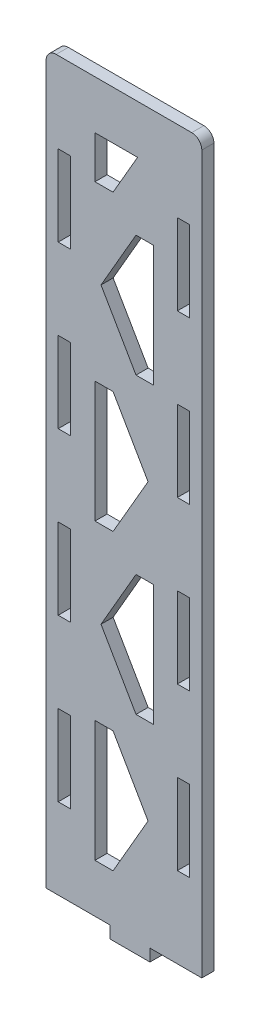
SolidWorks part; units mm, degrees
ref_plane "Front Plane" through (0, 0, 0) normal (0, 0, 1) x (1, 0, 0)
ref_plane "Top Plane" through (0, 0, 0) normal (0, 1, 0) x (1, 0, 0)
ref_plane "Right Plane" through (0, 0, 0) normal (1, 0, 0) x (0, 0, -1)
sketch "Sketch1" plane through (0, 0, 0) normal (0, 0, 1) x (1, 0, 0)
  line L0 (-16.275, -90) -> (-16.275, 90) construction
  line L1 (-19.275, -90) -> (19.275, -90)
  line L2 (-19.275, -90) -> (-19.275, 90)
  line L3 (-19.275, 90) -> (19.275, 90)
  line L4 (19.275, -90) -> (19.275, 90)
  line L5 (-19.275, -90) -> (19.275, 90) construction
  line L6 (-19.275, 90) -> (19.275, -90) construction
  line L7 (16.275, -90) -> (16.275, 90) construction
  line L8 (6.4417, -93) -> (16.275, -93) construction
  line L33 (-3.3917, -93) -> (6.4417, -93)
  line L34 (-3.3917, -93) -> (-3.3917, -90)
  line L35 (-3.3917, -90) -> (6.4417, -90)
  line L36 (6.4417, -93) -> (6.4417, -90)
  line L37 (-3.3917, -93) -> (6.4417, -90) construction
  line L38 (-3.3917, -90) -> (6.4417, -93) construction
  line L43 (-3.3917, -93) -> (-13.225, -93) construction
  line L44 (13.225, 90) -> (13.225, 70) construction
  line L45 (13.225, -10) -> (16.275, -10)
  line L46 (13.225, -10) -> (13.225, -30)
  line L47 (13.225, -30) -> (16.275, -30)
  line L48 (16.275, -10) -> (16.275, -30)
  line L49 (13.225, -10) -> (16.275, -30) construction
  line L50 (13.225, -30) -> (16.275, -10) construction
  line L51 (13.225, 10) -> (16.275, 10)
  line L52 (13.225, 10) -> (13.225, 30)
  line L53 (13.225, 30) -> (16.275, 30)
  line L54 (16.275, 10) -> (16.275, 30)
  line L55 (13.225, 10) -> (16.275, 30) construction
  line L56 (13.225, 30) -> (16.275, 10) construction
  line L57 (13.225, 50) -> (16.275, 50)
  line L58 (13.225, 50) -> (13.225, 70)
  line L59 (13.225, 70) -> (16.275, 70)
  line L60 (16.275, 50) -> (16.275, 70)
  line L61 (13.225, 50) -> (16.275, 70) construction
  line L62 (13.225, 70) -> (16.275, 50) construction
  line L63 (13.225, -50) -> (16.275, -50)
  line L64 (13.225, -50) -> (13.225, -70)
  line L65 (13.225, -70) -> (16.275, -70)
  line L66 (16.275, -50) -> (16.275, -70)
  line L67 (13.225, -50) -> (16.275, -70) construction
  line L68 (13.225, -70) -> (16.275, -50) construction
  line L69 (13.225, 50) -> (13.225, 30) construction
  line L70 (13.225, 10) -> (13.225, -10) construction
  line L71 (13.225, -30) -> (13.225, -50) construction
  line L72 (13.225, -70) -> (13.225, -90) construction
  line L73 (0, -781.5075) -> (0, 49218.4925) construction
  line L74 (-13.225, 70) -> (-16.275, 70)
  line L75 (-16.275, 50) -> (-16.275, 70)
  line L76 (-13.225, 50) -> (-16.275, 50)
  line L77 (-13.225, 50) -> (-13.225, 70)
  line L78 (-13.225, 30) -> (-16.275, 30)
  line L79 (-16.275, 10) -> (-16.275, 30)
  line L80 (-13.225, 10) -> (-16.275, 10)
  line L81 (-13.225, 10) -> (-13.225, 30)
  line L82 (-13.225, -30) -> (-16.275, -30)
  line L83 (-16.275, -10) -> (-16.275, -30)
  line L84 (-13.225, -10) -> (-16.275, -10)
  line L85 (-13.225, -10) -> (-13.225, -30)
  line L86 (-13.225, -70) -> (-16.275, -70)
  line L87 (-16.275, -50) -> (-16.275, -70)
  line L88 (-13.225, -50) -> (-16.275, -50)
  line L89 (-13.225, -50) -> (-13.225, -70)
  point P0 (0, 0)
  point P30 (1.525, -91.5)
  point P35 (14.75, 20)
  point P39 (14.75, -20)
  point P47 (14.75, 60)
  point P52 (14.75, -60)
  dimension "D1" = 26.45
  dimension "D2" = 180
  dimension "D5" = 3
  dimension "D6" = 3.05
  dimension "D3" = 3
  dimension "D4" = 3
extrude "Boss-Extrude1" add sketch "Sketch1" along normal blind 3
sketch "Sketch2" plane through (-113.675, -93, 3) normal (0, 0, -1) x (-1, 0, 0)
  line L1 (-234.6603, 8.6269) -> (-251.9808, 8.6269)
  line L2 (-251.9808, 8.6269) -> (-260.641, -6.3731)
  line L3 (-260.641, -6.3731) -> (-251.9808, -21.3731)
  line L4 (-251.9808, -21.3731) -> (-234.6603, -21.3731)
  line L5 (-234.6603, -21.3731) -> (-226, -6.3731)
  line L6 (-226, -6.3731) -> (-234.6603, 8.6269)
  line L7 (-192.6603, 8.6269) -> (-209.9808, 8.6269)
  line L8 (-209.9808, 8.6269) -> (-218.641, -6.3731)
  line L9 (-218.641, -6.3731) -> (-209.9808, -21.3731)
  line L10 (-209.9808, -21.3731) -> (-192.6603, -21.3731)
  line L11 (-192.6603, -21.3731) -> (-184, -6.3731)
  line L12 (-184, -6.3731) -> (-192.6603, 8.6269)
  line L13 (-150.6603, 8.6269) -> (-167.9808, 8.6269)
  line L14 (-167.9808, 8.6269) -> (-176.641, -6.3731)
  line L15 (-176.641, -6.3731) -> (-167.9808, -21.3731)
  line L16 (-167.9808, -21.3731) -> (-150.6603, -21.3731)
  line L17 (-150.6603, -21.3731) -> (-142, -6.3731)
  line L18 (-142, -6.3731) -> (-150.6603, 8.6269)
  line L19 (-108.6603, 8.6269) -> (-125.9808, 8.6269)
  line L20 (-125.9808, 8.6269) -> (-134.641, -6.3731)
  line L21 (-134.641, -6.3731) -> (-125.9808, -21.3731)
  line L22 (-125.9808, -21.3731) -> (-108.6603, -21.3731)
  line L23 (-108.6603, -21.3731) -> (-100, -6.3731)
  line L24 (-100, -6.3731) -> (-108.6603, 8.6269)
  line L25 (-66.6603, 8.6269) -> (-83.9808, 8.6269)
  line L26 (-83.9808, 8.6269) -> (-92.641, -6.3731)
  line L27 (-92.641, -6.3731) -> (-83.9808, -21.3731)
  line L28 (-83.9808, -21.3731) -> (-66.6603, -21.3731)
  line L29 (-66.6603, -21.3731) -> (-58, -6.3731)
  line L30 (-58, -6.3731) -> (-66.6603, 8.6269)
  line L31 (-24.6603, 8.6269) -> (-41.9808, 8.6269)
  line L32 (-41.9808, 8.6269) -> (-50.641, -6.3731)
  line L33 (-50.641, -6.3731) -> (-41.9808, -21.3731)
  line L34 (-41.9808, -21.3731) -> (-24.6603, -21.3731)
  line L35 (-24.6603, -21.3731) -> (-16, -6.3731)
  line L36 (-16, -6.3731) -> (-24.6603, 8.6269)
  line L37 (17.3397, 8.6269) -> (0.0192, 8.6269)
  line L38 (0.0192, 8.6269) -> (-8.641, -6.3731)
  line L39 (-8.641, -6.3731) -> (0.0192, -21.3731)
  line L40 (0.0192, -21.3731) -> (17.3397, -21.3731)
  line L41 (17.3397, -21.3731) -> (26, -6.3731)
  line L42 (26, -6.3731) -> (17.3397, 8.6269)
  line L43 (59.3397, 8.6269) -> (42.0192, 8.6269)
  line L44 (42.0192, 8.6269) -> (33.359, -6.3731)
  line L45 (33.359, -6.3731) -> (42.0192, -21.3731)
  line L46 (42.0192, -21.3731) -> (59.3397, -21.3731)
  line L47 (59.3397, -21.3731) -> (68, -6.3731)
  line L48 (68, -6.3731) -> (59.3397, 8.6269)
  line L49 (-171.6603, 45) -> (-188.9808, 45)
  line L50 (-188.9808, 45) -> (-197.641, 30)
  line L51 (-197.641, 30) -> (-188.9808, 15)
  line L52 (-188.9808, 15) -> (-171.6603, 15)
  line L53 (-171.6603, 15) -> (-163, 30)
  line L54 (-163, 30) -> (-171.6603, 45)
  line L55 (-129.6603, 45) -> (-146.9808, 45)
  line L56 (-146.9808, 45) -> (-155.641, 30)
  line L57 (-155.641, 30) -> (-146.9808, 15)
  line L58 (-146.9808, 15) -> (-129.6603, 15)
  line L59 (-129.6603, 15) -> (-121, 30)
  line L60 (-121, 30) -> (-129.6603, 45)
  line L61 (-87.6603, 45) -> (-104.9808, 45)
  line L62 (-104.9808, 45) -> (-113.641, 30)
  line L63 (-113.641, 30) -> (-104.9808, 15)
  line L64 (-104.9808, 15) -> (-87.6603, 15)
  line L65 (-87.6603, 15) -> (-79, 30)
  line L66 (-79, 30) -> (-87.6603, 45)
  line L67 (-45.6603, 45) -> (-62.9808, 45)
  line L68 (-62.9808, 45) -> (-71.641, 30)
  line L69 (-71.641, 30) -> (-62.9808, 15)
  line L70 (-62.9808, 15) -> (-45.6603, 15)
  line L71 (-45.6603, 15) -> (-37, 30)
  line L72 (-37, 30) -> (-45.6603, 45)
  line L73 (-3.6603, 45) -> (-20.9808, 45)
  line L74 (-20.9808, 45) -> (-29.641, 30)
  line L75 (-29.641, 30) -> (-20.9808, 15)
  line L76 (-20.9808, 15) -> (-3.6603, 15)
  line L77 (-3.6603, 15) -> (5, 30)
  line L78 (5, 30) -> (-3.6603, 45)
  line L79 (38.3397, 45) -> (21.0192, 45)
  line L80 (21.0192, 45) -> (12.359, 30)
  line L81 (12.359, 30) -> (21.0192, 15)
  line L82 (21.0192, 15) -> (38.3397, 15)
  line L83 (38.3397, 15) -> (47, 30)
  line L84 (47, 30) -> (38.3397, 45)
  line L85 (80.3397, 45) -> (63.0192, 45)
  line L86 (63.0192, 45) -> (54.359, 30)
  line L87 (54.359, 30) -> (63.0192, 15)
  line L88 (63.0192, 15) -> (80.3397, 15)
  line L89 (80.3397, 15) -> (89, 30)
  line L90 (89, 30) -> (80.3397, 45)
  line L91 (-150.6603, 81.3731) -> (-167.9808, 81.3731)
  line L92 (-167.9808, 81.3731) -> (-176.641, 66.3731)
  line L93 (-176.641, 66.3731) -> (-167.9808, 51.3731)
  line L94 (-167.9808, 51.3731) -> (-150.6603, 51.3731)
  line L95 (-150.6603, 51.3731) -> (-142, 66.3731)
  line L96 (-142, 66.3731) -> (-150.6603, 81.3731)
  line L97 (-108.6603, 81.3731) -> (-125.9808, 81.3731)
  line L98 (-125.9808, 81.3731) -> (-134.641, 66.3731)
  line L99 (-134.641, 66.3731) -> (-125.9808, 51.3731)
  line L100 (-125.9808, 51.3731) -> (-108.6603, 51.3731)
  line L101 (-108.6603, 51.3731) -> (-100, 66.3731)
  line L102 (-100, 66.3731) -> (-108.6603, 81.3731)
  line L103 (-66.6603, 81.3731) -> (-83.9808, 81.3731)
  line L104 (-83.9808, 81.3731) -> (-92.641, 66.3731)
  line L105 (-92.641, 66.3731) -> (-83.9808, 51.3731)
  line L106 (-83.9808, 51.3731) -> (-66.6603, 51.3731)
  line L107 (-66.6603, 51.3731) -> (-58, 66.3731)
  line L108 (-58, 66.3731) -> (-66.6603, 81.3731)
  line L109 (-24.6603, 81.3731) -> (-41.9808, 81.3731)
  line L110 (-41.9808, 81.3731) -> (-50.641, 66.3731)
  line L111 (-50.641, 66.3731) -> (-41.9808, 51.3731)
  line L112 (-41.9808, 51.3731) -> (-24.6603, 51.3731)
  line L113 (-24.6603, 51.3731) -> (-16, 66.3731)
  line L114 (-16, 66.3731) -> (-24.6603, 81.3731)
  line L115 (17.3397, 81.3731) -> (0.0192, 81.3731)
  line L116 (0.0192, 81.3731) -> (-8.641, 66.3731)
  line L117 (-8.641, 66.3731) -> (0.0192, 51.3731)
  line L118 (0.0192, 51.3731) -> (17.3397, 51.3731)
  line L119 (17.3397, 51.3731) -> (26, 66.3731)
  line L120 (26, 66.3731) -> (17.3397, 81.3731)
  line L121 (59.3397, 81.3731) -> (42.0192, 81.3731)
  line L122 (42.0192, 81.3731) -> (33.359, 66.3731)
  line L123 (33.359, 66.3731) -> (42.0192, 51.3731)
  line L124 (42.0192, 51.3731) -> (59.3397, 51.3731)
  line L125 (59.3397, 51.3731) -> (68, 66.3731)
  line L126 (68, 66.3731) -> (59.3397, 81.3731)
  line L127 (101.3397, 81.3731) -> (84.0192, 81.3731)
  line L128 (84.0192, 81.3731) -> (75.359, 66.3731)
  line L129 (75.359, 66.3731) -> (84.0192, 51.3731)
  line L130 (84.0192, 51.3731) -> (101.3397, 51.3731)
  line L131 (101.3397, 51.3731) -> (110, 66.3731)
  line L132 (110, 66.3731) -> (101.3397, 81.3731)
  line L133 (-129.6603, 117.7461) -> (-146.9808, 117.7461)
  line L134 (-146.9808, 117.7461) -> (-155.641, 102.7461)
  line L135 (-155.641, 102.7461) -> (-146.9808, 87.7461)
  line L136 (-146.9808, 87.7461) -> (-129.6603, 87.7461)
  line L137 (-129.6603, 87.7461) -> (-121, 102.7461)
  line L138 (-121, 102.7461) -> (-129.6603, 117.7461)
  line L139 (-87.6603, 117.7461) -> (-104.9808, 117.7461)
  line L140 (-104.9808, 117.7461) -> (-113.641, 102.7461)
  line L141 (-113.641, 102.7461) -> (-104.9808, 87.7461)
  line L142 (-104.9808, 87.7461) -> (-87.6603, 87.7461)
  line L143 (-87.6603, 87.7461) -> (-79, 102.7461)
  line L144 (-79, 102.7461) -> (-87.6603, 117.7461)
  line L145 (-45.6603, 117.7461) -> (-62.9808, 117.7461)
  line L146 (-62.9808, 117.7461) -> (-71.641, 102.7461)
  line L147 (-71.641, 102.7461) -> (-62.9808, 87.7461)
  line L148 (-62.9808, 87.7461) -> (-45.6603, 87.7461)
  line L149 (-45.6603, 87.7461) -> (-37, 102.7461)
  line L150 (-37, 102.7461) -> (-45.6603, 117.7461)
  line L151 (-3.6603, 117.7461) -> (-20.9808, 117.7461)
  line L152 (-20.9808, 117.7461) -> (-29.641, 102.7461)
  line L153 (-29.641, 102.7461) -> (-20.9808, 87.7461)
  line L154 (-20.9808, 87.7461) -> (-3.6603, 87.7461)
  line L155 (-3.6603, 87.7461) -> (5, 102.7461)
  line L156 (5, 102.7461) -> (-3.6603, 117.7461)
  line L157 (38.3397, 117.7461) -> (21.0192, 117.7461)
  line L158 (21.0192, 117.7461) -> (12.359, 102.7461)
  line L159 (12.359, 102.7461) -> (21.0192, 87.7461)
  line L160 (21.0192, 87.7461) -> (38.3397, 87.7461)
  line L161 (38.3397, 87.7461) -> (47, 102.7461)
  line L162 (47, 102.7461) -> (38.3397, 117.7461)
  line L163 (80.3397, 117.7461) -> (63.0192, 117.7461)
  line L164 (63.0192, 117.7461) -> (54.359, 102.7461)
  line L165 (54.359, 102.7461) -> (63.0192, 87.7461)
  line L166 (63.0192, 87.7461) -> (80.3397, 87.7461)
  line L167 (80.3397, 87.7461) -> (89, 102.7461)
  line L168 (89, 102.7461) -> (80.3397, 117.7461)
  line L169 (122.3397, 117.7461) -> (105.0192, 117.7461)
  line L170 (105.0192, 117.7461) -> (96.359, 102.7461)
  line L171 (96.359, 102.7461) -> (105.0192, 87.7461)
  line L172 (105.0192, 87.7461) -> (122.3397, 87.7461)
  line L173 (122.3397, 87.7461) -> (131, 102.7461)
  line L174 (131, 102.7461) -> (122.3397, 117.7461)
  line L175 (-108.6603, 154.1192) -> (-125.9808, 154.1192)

—————

INSTRUCTIONS TO FOLLOW:
Across the data above, count every line with "normal" in it and write only the total.

EXERCISE ANSWER:
6